Gun money (airgead gunna) was an issue of coins made by the forces of James II during the Williamite War in Ireland between 1689 and 1691. They were minted in base metal (copper, brass or pewter), and were designed to be redeemed for silver coins following a victory by James II and consequently bore the date in months to allow a gradual replacement. As James lost the war, that replacement never took place, although the coins were allowed to circulate at much reduced values before the copper coinage was resumed. They were mostly withdrawn from circulation in the early 18th century.

The name "gun money" stems from the idea that they were minted from melted down guns. However, many other brass objects, such as church bells, were also used.

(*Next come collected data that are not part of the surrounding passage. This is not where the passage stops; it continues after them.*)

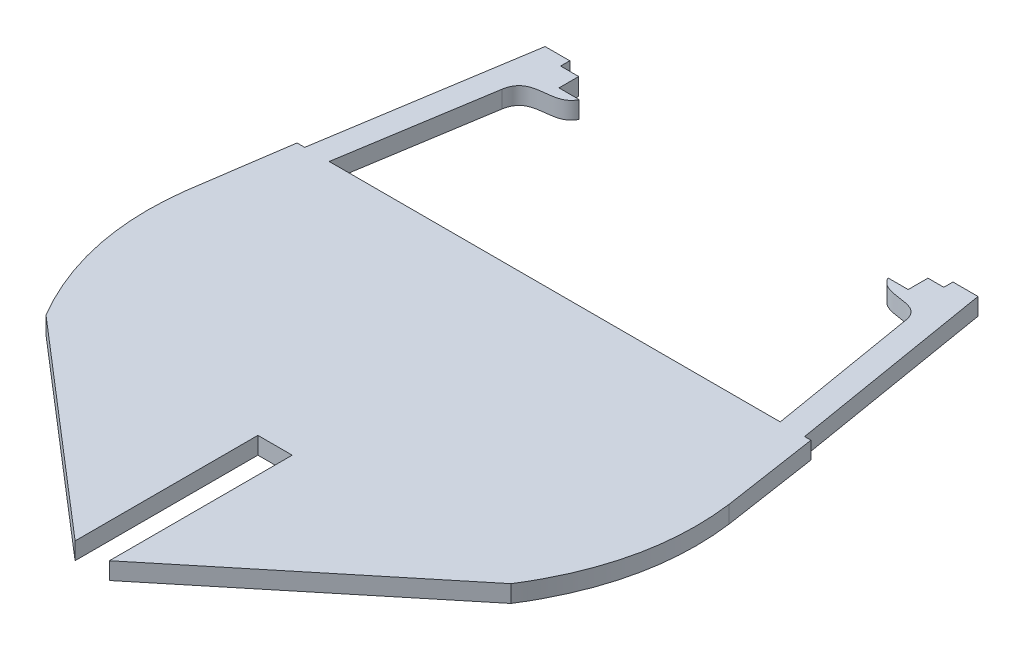
ISO-10303-21;
HEADER;
FILE_DESCRIPTION(('STEP AP214'),'2;1');
FILE_NAME('part.step','',(''),(''),'','','');
FILE_SCHEMA(('AUTOMOTIVE_DESIGN { 1 0 10303 214 1 1 1 1 }'));
ENDSEC;
DATA;
#1=APPLICATION_CONTEXT('core data for automotive mechanical design processes');
#2=APPLICATION_PROTOCOL_DEFINITION('international standard','automotive_design',2000,#1);
#3=PRODUCT_CONTEXT('',#1,'mechanical');
#4=PRODUCT('Part','Part','',(#3));
#5=PRODUCT_RELATED_PRODUCT_CATEGORY('part','',(#4));
#6=PRODUCT_DEFINITION_FORMATION('','',#4);
#7=PRODUCT_DEFINITION_CONTEXT('part definition',#1,'design');
#8=PRODUCT_DEFINITION('design','',#6,#7);
#9=PRODUCT_DEFINITION_SHAPE('','',#8);
#10=(LENGTH_UNIT() NAMED_UNIT(*) SI_UNIT(.MILLI.,.METRE.));
#11=(NAMED_UNIT(*) PLANE_ANGLE_UNIT() SI_UNIT($,.RADIAN.));
#12=(NAMED_UNIT(*) SI_UNIT($,.STERADIAN.) SOLID_ANGLE_UNIT());
#13=UNCERTAINTY_MEASURE_WITH_UNIT(LENGTH_MEASURE(1.E-05),#10,'distance_accuracy_value','');
#14=(GEOMETRIC_REPRESENTATION_CONTEXT(3) GLOBAL_UNCERTAINTY_ASSIGNED_CONTEXT((#13)) GLOBAL_UNIT_ASSIGNED_CONTEXT((#10,
#11,#12)) REPRESENTATION_CONTEXT('',''));
#15=CARTESIAN_POINT('',(0.,0.,0.));
#16=DIRECTION('',(0.,0.,1.));
#17=DIRECTION('',(1.,0.,0.));
#18=AXIS2_PLACEMENT_3D('',#15,#16,#17);
#19=CARTESIAN_POINT('',(-7.33547800549502,4.,-1.07714586189832));
#20=DIRECTION('',(0.989390194390958,0.,0.145282632282813));
#21=DIRECTION('',(0.145282632282813,0.,-0.989390194390958));
#22=AXIS2_PLACEMENT_3D('',#19,#20,#21);
#23=PLANE('',#22);
#24=DIRECTION('',(-0.145282632282813,0.,0.989390194390958));
#25=VECTOR('',#24,1.);
#26=CARTESIAN_POINT('',(-7.33547800549502,0.,-1.07714586189832));
#27=LINE('',#26,#25);
#28=CARTESIAN_POINT('',(-7.4936467310962,0.,0.));
#29=VERTEX_POINT('',#28);
#30=CARTESIAN_POINT('',(-10.8148658668984,0.,22.6178559319447));
#31=VERTEX_POINT('',#30);
#32=EDGE_CURVE('E258',#29,#31,#27,.T.);
#33=ORIENTED_EDGE('',*,*,#32,.T.);
#34=DIRECTION('',(0.,-1.,0.));
#35=VECTOR('',#34,1.);
#36=CARTESIAN_POINT('',(-10.8148658668984,4.,22.6178559319447));
#37=LINE('',#36,#35);
#38=CARTESIAN_POINT('',(-10.8148658668984,4.,22.6178559319447));
#39=VERTEX_POINT('',#38);
#40=EDGE_CURVE('E11',#39,#31,#37,.T.);
#41=ORIENTED_EDGE('',*,*,#40,.F.);
#42=DIRECTION('',(-0.145282632282813,0.,0.989390194390958));
#43=VECTOR('',#42,1.);
#44=CARTESIAN_POINT('',(-7.33547800549502,4.,-1.07714586189832));
#45=LINE('',#44,#43);
#46=CARTESIAN_POINT('',(-7.4936467310962,4.,0.));
#47=VERTEX_POINT('',#46);
#48=EDGE_CURVE('E348',#47,#39,#45,.T.);
#49=ORIENTED_EDGE('',*,*,#48,.F.);
#50=DIRECTION('',(0.,-1.,0.));
#51=VECTOR('',#50,1.);
#52=CARTESIAN_POINT('',(-7.4936467310962,4.,0.));
#53=LINE('',#52,#51);
#54=EDGE_CURVE('E254',#47,#29,#53,.T.);
#55=ORIENTED_EDGE('',*,*,#54,.T.);
#56=EDGE_LOOP('',(#33,#41,#49,#55));
#57=FACE_BOUND('',#56,.T.);
#58=ADVANCED_FACE('F43',(#57),#23,.F.);
#59=CARTESIAN_POINT('',(-10.8148658668984,4.,22.6178559319447));
#60=CARTESIAN_POINT('',(-13.5831427047699,4.,44.4263441016462));
#61=CARTESIAN_POINT('',(-1.98899974035488,4.,64.010756010048));
#62=B_SPLINE_CURVE_WITH_KNOTS('',2,(#59,#60,#61),.UNSPECIFIED.,.F.,.F.,(3,3),(0.,1.),.UNSPECIFIED.);
#63=DIRECTION('',(0.,-1.,0.));
#64=VECTOR('',#63,1.);
#65=SURFACE_OF_LINEAR_EXTRUSION('',#62,#64);
#66=CARTESIAN_POINT('',(-10.8148658668984,0.,22.6178559319447));
#67=CARTESIAN_POINT('',(-13.5831427047699,0.,44.4263441016462));
#68=CARTESIAN_POINT('',(-1.98899974035488,0.,64.010756010048));
#69=B_SPLINE_CURVE_WITH_KNOTS('',2,(#66,#67,#68),.UNSPECIFIED.,.F.,.F.,(3,3),(0.,1.),.UNSPECIFIED.);
#70=CARTESIAN_POINT('',(-1.98899974035488,0.,64.010756010048));
#71=VERTEX_POINT('',#70);
#72=EDGE_CURVE('E261',#31,#71,#69,.T.);
#73=ORIENTED_EDGE('',*,*,#72,.T.);
#74=DIRECTION('',(0.,-1.,0.));
#75=VECTOR('',#74,1.);
#76=CARTESIAN_POINT('',(-1.98899974035488,4.,64.010756010048));
#77=LINE('',#76,#75);
#78=CARTESIAN_POINT('',(-1.98899974035488,4.,64.010756010048));
#79=VERTEX_POINT('',#78);
#80=EDGE_CURVE('E51',#79,#71,#77,.T.);
#81=ORIENTED_EDGE('',*,*,#80,.F.);
#82=EDGE_CURVE('E158',#39,#79,#62,.T.);
#83=ORIENTED_EDGE('',*,*,#82,.F.);
#84=ORIENTED_EDGE('',*,*,#40,.T.);
#85=EDGE_LOOP('',(#73,#81,#83,#84));
#86=FACE_BOUND('',#85,.T.);
#87=ADVANCED_FACE('F410',(#86),#65,.F.);
#88=CARTESIAN_POINT('',(-32.5002188720918,4.,37.7257732194009));
#89=DIRECTION('',(-0.652686136054112,0.,0.757628410107985));
#90=DIRECTION('',(0.757628410107985,0.,0.652686136054112));
#91=AXIS2_PLACEMENT_3D('',#88,#89,#90);
#92=PLANE('',#91);
#93=DIRECTION('',(-0.757628410107985,0.,-0.652686136054112));
#94=VECTOR('',#93,1.);
#95=CARTESIAN_POINT('',(-32.5002188720918,0.,37.7257732194009));
#96=LINE('',#95,#94);
#97=CARTESIAN_POINT('',(46.9680835929784,0.,106.186589343381));
#98=VERTEX_POINT('',#97);
#99=EDGE_CURVE('E266',#98,#71,#96,.T.);
#100=ORIENTED_EDGE('',*,*,#99,.F.);
#101=DIRECTION('',(0.,-1.,0.));
#102=VECTOR('',#101,1.);
#103=CARTESIAN_POINT('',(46.9680835929784,4.,106.186589343381));
#104=LINE('',#103,#102);
#105=CARTESIAN_POINT('',(46.9680835929784,4.,106.186589343381));
#106=VERTEX_POINT('',#105);
#107=EDGE_CURVE('E403',#106,#98,#104,.T.);
#108=ORIENTED_EDGE('',*,*,#107,.F.);
#109=DIRECTION('',(-0.757628410107985,0.,-0.652686136054112));
#110=VECTOR('',#109,1.);
#111=CARTESIAN_POINT('',(-32.5002188720918,4.,37.7257732194009));
#112=LINE('',#111,#110);
#113=EDGE_CURVE('E409',#106,#79,#112,.T.);
#114=ORIENTED_EDGE('',*,*,#113,.T.);
#115=ORIENTED_EDGE('',*,*,#80,.T.);
#116=EDGE_LOOP('',(#100,#108,#114,#115));
#117=FACE_BOUND('',#116,.T.);
#118=ADVANCED_FACE('F407',(#117),#92,.T.);
#119=CARTESIAN_POINT('',(46.9680835929784,4.,0.));
#120=DIRECTION('',(1.,0.,0.));
#121=DIRECTION('',(0.,0.,-1.));
#122=AXIS2_PLACEMENT_3D('',#119,#120,#121);
#123=PLANE('',#122);
#124=DIRECTION('',(0.,0.,1.));
#125=VECTOR('',#124,1.);
#126=CARTESIAN_POINT('',(46.9680835929784,0.,0.));
#127=LINE('',#126,#125);
#128=CARTESIAN_POINT('',(46.9680835929784,0.,63.586589343381));
#129=VERTEX_POINT('',#128);
#130=EDGE_CURVE('E272',#129,#98,#127,.T.);
#131=ORIENTED_EDGE('',*,*,#130,.F.);
#132=DIRECTION('',(0.,-1.,0.));
#133=VECTOR('',#132,1.);
#134=CARTESIAN_POINT('',(46.9680835929784,4.,63.586589343381));
#135=LINE('',#134,#133);
#136=CARTESIAN_POINT('',(46.9680835929784,4.,63.586589343381));
#137=VERTEX_POINT('',#136);
#138=EDGE_CURVE('E401',#137,#129,#135,.T.);
#139=ORIENTED_EDGE('',*,*,#138,.F.);
#140=DIRECTION('',(0.,0.,1.));
#141=VECTOR('',#140,1.);
#142=CARTESIAN_POINT('',(46.9680835929784,4.,0.));
#143=LINE('',#142,#141);
#144=EDGE_CURVE('E421',#137,#106,#143,.T.);
#145=ORIENTED_EDGE('',*,*,#144,.T.);
#146=ORIENTED_EDGE('',*,*,#107,.T.);
#147=EDGE_LOOP('',(#131,#139,#145,#146));
#148=FACE_BOUND('',#147,.T.);
#149=ADVANCED_FACE('F418',(#148),#123,.T.);
#150=CARTESIAN_POINT('',(0.,4.,63.586589343381));
#151=DIRECTION('',(0.,0.,1.));
#152=DIRECTION('',(1.,0.,0.));
#153=AXIS2_PLACEMENT_3D('',#150,#151,#152);
#154=PLANE('',#153);
#155=DIRECTION('',(-1.,0.,0.));
#156=VECTOR('',#155,1.);
#157=CARTESIAN_POINT('',(0.,0.,63.586589343381));
#158=LINE('',#157,#156);
#159=CARTESIAN_POINT('',(54.9680835929783,0.,63.586589343381));
#160=VERTEX_POINT('',#159);
#161=EDGE_CURVE('E275',#160,#129,#158,.T.);
#162=ORIENTED_EDGE('',*,*,#161,.F.);
#163=DIRECTION('',(0.,-1.,0.));
#164=VECTOR('',#163,1.);
#165=CARTESIAN_POINT('',(54.9680835929783,4.,63.586589343381));
#166=LINE('',#165,#164);
#167=CARTESIAN_POINT('',(54.9680835929783,4.,63.586589343381));
#168=VERTEX_POINT('',#167);
#169=EDGE_CURVE('E399',#168,#160,#166,.T.);
#170=ORIENTED_EDGE('',*,*,#169,.F.);
#171=DIRECTION('',(-1.,0.,0.));
#172=VECTOR('',#171,1.);
#173=CARTESIAN_POINT('',(0.,4.,63.586589343381));
#174=LINE('',#173,#172);
#175=EDGE_CURVE('E425',#168,#137,#174,.T.);
#176=ORIENTED_EDGE('',*,*,#175,.T.);
#177=ORIENTED_EDGE('',*,*,#138,.T.);
#178=EDGE_LOOP('',(#162,#170,#176,#177));
#179=FACE_BOUND('',#178,.T.);
#180=ADVANCED_FACE('F466',(#179),#154,.T.);
#181=CARTESIAN_POINT('',(54.9680835929779,4.,-2.8651094847157E-13));
#182=DIRECTION('',(-1.,0.,0.));
#183=DIRECTION('',(0.,0.,1.));
#184=AXIS2_PLACEMENT_3D('',#181,#182,#183);
#185=PLANE('',#184);
#186=DIRECTION('',(0.,0.,-1.));
#187=VECTOR('',#186,1.);
#188=CARTESIAN_POINT('',(54.9680835929779,0.,-2.8651094847157E-13));
#189=LINE('',#188,#187);
#190=CARTESIAN_POINT('',(54.9680835929785,0.,106.186589343381));
#191=VERTEX_POINT('',#190);
#192=EDGE_CURVE('E278',#191,#160,#189,.T.);
#193=ORIENTED_EDGE('',*,*,#192,.F.);
#194=DIRECTION('',(0.,-1.,0.));
#195=VECTOR('',#194,1.);
#196=CARTESIAN_POINT('',(54.9680835929785,4.,106.186589343381));
#197=LINE('',#196,#195);
#198=CARTESIAN_POINT('',(54.9680835929785,4.,106.186589343381));
#199=VERTEX_POINT('',#198);
#200=EDGE_CURVE('E397',#199,#191,#197,.T.);
#201=ORIENTED_EDGE('',*,*,#200,.F.);
#202=DIRECTION('',(0.,0.,-1.));
#203=VECTOR('',#202,1.);
#204=CARTESIAN_POINT('',(54.9680835929779,4.,-2.8651094847157E-13));
#205=LINE('',#204,#203);
#206=EDGE_CURVE('E434',#199,#168,#205,.T.);
#207=ORIENTED_EDGE('',*,*,#206,.T.);
#208=ORIENTED_EDGE('',*,*,#169,.T.);
#209=EDGE_LOOP('',(#193,#201,#207,#208));
#210=FACE_BOUND('',#209,.T.);
#211=ADVANCED_FACE('F462',(#210),#185,.T.);
#212=CARTESIAN_POINT('',(74.1588937462754,4.,90.4527471306288));
#213=DIRECTION('',(0.63401640648034,0.,0.773319595195775));
#214=DIRECTION('',(0.773319595195775,0.,-0.63401640648034));
#215=AXIS2_PLACEMENT_3D('',#212,#213,#214);
#216=PLANE('',#215);
#217=DIRECTION('',(-0.773319595195775,0.,0.63401640648034));
#218=VECTOR('',#217,1.);
#219=CARTESIAN_POINT('',(74.1588937462754,0.,90.4527471306288));
#220=LINE('',#219,#218);
#221=CARTESIAN_POINT('',(106.410598371796,0.,64.010756010048));
#222=VERTEX_POINT('',#221);
#223=EDGE_CURVE('E281',#222,#191,#220,.T.);
#224=ORIENTED_EDGE('',*,*,#223,.F.);
#225=DIRECTION('',(0.,-1.,0.));
#226=VECTOR('',#225,1.);
#227=CARTESIAN_POINT('',(106.410598371796,4.,64.010756010048));
#228=LINE('',#227,#226);
#229=CARTESIAN_POINT('',(106.410598371796,4.,64.010756010048));
#230=VERTEX_POINT('',#229);
#231=EDGE_CURVE('E395',#230,#222,#228,.T.);
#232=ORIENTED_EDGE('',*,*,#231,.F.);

There were two issues. The first "large" issue consisted of sixpences, shillings and half crowns (2½ shillings). The second, "small" issue consisted of shillings, halfcrowns and crowns (5 shillings). Some of the second issue were overstruck on large issue pieces, with shillings struck over sixpences, half crowns on shillings and crowns on half crowns. The most notable feature of the coins is the date, because the month of striking was also included. This was so that after the war (in the event of James' victory), soldiers would be able to claim interest on their wages, which had been withheld from proper payment for so long.

Specimen strikings were produced in silver and gold for most months, and these tend to be extremely rare.

==Pewter money==
Pewter money is a rarer type of gun money, manufactured out of pewter, an alloy containing mostly tin, and smaller amounts of copper, antimony, bismuth and lead. Some of the coins had also a brass plug. Halfcrowns and Crowns were issued in 1690 with the same dies as other gun money coins. Both these coins are extremely rare, along with a Groat struck in 1689 which is probably a pattern. Halfpennies and Pennies were also produced in 1689 and 1690, and less rare, although the 1689 penny is virtually unknown.